── Exercise input

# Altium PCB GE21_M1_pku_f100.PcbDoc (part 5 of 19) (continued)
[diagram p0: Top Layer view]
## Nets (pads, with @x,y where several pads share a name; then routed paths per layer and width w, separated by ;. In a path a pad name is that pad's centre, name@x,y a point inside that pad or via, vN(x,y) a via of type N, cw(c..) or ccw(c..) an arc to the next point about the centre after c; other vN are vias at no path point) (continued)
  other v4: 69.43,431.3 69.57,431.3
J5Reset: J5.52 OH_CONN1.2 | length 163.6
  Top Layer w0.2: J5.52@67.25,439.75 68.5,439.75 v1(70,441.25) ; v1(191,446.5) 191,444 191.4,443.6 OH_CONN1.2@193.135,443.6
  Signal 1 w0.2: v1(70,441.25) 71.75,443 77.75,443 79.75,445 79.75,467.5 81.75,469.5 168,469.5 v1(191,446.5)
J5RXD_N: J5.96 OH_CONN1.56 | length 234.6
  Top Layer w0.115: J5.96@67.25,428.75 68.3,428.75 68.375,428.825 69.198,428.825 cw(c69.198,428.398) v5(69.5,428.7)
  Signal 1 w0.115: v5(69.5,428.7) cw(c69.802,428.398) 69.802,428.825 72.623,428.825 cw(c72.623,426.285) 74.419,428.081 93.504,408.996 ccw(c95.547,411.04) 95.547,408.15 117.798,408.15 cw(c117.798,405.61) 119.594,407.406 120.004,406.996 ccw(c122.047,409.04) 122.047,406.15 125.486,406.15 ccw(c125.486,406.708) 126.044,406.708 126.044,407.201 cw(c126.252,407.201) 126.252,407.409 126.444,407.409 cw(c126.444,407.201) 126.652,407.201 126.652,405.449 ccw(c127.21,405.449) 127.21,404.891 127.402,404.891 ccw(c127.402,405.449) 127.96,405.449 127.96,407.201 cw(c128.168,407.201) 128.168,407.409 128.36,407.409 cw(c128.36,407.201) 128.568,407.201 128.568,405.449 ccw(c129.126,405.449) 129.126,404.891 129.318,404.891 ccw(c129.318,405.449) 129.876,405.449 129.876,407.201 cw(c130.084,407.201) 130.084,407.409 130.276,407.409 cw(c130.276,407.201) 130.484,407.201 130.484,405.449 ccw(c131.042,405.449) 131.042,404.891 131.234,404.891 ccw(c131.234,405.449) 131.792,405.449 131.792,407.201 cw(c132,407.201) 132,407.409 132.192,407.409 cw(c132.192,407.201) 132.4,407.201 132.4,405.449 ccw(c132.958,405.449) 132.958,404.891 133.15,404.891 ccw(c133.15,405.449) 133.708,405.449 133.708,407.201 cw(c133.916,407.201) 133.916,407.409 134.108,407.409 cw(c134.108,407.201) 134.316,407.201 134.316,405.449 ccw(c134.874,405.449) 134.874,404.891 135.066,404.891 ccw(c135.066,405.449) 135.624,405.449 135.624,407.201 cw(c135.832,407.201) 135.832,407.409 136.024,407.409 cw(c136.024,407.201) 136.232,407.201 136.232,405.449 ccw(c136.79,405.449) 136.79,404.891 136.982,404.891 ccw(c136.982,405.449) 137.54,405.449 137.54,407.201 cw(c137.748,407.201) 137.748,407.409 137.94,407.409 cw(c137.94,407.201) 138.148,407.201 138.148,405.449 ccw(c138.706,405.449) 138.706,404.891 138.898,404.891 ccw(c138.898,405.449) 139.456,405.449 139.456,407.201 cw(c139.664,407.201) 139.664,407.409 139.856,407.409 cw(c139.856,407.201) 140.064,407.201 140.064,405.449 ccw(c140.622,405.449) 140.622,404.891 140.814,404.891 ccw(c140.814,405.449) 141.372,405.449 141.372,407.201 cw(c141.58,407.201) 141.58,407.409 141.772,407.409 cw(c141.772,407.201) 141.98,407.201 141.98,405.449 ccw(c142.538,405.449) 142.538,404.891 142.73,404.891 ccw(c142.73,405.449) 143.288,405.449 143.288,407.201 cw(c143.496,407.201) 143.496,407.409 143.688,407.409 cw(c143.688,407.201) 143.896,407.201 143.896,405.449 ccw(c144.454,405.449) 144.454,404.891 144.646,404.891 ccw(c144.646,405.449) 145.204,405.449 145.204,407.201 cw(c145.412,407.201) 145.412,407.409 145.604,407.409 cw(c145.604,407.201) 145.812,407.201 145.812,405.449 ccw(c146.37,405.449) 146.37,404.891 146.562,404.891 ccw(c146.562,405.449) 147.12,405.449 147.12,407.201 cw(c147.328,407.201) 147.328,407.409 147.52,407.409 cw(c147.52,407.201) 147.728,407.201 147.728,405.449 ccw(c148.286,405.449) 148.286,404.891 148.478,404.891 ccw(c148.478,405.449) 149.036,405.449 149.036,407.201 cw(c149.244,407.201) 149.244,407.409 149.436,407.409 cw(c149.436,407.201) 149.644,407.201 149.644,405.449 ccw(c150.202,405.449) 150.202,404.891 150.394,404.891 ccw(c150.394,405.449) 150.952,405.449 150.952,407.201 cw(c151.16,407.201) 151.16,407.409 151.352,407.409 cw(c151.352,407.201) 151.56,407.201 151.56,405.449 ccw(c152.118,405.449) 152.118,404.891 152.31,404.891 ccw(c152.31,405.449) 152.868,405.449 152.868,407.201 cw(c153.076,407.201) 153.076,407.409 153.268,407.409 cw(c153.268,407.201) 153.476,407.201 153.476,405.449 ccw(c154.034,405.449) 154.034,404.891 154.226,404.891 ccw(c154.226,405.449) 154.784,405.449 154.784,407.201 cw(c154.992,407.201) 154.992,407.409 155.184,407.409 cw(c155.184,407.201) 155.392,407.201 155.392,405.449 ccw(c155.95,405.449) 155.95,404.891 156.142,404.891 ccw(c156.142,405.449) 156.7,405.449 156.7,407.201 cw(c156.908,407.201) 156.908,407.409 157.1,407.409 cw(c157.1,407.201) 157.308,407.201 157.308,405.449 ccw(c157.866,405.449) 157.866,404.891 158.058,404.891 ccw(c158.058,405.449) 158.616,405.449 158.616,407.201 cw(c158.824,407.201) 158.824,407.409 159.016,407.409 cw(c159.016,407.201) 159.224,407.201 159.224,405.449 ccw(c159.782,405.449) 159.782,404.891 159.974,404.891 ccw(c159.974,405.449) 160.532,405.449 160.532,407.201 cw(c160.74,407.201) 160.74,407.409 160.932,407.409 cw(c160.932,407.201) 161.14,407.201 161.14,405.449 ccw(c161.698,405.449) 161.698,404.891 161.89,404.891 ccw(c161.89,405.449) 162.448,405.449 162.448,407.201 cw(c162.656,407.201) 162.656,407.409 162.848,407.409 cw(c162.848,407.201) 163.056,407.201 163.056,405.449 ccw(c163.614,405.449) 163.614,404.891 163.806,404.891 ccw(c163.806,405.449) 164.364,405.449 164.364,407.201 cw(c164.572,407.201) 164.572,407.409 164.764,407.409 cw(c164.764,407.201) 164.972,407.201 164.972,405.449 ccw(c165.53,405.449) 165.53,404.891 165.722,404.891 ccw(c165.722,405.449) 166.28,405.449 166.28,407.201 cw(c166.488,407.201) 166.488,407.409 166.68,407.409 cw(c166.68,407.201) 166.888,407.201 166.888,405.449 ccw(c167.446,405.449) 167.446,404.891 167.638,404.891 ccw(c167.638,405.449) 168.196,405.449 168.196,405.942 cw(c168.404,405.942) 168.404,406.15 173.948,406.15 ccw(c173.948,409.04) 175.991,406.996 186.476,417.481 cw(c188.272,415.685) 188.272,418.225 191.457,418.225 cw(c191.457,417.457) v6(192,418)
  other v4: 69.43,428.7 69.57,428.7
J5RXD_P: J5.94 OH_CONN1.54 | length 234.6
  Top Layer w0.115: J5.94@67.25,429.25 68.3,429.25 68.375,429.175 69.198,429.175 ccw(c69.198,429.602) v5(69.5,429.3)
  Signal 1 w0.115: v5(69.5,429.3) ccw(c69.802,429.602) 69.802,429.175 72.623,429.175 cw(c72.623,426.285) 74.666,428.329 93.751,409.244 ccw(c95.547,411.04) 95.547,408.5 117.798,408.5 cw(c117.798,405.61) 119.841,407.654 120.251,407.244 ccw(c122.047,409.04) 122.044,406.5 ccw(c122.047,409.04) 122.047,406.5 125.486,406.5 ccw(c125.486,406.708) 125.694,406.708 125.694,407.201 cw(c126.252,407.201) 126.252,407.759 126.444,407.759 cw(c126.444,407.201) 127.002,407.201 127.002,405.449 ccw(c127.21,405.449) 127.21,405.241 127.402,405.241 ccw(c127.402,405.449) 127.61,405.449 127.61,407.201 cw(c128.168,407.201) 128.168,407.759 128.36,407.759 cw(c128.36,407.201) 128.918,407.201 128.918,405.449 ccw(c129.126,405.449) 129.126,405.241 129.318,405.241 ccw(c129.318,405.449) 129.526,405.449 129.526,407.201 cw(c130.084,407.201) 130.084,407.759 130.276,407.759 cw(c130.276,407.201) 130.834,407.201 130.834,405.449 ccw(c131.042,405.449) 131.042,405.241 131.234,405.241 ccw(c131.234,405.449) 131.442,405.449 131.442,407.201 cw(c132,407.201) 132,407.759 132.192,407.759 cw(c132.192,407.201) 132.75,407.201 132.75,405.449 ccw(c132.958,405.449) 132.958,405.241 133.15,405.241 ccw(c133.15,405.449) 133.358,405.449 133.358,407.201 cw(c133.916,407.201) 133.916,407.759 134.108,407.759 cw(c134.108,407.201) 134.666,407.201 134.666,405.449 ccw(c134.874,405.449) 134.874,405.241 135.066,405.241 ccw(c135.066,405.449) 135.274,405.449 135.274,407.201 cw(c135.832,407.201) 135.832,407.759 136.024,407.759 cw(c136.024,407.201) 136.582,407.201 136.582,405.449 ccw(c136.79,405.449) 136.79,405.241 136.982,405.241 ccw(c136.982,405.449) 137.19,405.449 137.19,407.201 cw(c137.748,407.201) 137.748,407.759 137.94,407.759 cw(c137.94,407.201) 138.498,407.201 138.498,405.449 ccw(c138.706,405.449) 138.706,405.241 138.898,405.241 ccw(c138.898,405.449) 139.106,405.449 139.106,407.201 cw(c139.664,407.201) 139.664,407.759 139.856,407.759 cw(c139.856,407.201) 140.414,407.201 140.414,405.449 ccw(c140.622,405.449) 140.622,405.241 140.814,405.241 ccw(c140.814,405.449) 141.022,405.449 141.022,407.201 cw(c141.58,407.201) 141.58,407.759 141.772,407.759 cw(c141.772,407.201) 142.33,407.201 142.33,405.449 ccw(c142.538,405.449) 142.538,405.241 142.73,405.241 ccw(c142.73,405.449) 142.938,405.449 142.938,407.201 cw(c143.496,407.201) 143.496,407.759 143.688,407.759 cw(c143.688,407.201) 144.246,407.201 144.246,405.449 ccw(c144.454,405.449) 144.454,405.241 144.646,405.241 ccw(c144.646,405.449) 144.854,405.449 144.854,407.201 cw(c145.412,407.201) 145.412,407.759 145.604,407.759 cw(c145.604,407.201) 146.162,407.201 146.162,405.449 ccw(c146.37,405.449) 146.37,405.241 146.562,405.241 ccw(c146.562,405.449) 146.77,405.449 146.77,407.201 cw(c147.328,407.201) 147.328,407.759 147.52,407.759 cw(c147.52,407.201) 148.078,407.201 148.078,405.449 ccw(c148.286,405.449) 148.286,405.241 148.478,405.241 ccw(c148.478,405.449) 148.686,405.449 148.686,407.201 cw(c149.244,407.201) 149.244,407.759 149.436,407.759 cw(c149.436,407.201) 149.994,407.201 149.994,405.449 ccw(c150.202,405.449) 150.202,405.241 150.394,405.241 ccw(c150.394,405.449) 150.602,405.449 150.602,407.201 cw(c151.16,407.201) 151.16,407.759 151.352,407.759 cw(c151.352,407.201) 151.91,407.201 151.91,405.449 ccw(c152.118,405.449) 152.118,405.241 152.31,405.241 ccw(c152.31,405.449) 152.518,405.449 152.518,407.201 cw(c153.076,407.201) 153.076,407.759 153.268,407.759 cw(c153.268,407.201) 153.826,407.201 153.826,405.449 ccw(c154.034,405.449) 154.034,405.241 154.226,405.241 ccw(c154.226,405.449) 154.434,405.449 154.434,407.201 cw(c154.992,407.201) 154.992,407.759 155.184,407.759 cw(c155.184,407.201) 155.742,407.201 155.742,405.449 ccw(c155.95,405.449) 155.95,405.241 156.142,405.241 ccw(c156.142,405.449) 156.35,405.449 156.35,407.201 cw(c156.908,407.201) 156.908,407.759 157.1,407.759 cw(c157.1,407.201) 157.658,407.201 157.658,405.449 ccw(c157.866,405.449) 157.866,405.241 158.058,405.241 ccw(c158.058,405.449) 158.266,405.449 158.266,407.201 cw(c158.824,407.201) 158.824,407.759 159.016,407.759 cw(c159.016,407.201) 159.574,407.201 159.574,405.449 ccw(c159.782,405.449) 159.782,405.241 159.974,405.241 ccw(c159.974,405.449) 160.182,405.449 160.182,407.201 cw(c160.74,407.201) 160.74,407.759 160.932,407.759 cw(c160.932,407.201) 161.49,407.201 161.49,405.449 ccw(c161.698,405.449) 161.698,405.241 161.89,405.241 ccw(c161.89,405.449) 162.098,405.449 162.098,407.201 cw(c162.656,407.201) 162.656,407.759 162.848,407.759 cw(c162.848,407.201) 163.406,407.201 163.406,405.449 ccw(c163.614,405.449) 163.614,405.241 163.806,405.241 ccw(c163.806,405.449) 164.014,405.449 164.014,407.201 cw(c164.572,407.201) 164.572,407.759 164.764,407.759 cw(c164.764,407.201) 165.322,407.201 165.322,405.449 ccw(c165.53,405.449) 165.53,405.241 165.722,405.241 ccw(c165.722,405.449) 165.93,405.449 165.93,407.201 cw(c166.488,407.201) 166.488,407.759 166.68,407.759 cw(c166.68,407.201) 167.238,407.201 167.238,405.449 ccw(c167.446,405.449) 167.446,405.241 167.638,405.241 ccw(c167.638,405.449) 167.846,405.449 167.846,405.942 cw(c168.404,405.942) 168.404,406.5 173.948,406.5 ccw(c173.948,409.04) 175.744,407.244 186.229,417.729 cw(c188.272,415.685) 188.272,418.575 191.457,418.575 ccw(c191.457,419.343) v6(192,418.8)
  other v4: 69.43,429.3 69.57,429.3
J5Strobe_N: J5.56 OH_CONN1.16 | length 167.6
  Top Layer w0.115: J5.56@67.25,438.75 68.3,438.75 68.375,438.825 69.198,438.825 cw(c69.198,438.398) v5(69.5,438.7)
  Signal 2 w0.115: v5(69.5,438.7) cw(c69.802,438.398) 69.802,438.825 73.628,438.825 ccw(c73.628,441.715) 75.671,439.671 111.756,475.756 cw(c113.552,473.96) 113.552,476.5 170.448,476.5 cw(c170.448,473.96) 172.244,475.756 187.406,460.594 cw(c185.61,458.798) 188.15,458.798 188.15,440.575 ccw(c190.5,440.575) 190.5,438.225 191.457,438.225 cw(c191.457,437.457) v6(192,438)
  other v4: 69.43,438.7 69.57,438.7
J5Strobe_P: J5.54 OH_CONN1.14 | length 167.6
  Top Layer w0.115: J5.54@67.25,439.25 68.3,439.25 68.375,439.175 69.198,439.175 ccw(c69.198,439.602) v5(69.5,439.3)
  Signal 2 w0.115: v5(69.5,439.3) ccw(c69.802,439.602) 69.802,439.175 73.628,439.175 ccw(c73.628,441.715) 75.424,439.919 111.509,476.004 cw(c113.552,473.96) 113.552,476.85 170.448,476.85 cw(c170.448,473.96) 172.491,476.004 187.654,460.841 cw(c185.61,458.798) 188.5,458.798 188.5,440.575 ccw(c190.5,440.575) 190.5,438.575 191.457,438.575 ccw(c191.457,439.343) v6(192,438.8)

────

Could you transcribe the entries exactly, from the first line through the line containing "Top Layer w0.115: J5.96@67.25,428.75", and give nothing more?

# Altium PCB GE21_M1_pku_f100.PcbDoc (part 5 of 19) (continued)
[diagram p0: Top Layer view]
## Nets (pads, with @x,y where several pads share a name; then routed paths per layer and width w, separated by ;. In a path a pad name is that pad's centre, name@x,y a point inside that pad or via, vN(x,y) a via of type N, cw(c..) or ccw(c..) an arc to the next point about the centre after c; other vN are vias at no path point) (continued)
  other v4: 69.43,431.3 69.57,431.3
J5Reset: J5.52 OH_CONN1.2 | length 163.6
  Top Layer w0.2: J5.52@67.25,439.75 68.5,439.75 v1(70,441.25) ; v1(191,446.5) 191,444 191.4,443.6 OH_CONN1.2@193.135,443.6
  Signal 1 w0.2: v1(70,441.25) 71.75,443 77.75,443 79.75,445 79.75,467.5 81.75,469.5 168,469.5 v1(191,446.5)
J5RXD_N: J5.96 OH_CONN1.56 | length 234.6
  Top Layer w0.115: J5.96@67.25,428.75 68.3,428.75 68.375,428.825 69.198,428.825 cw(c69.198,428.398) v5(69.5,428.7)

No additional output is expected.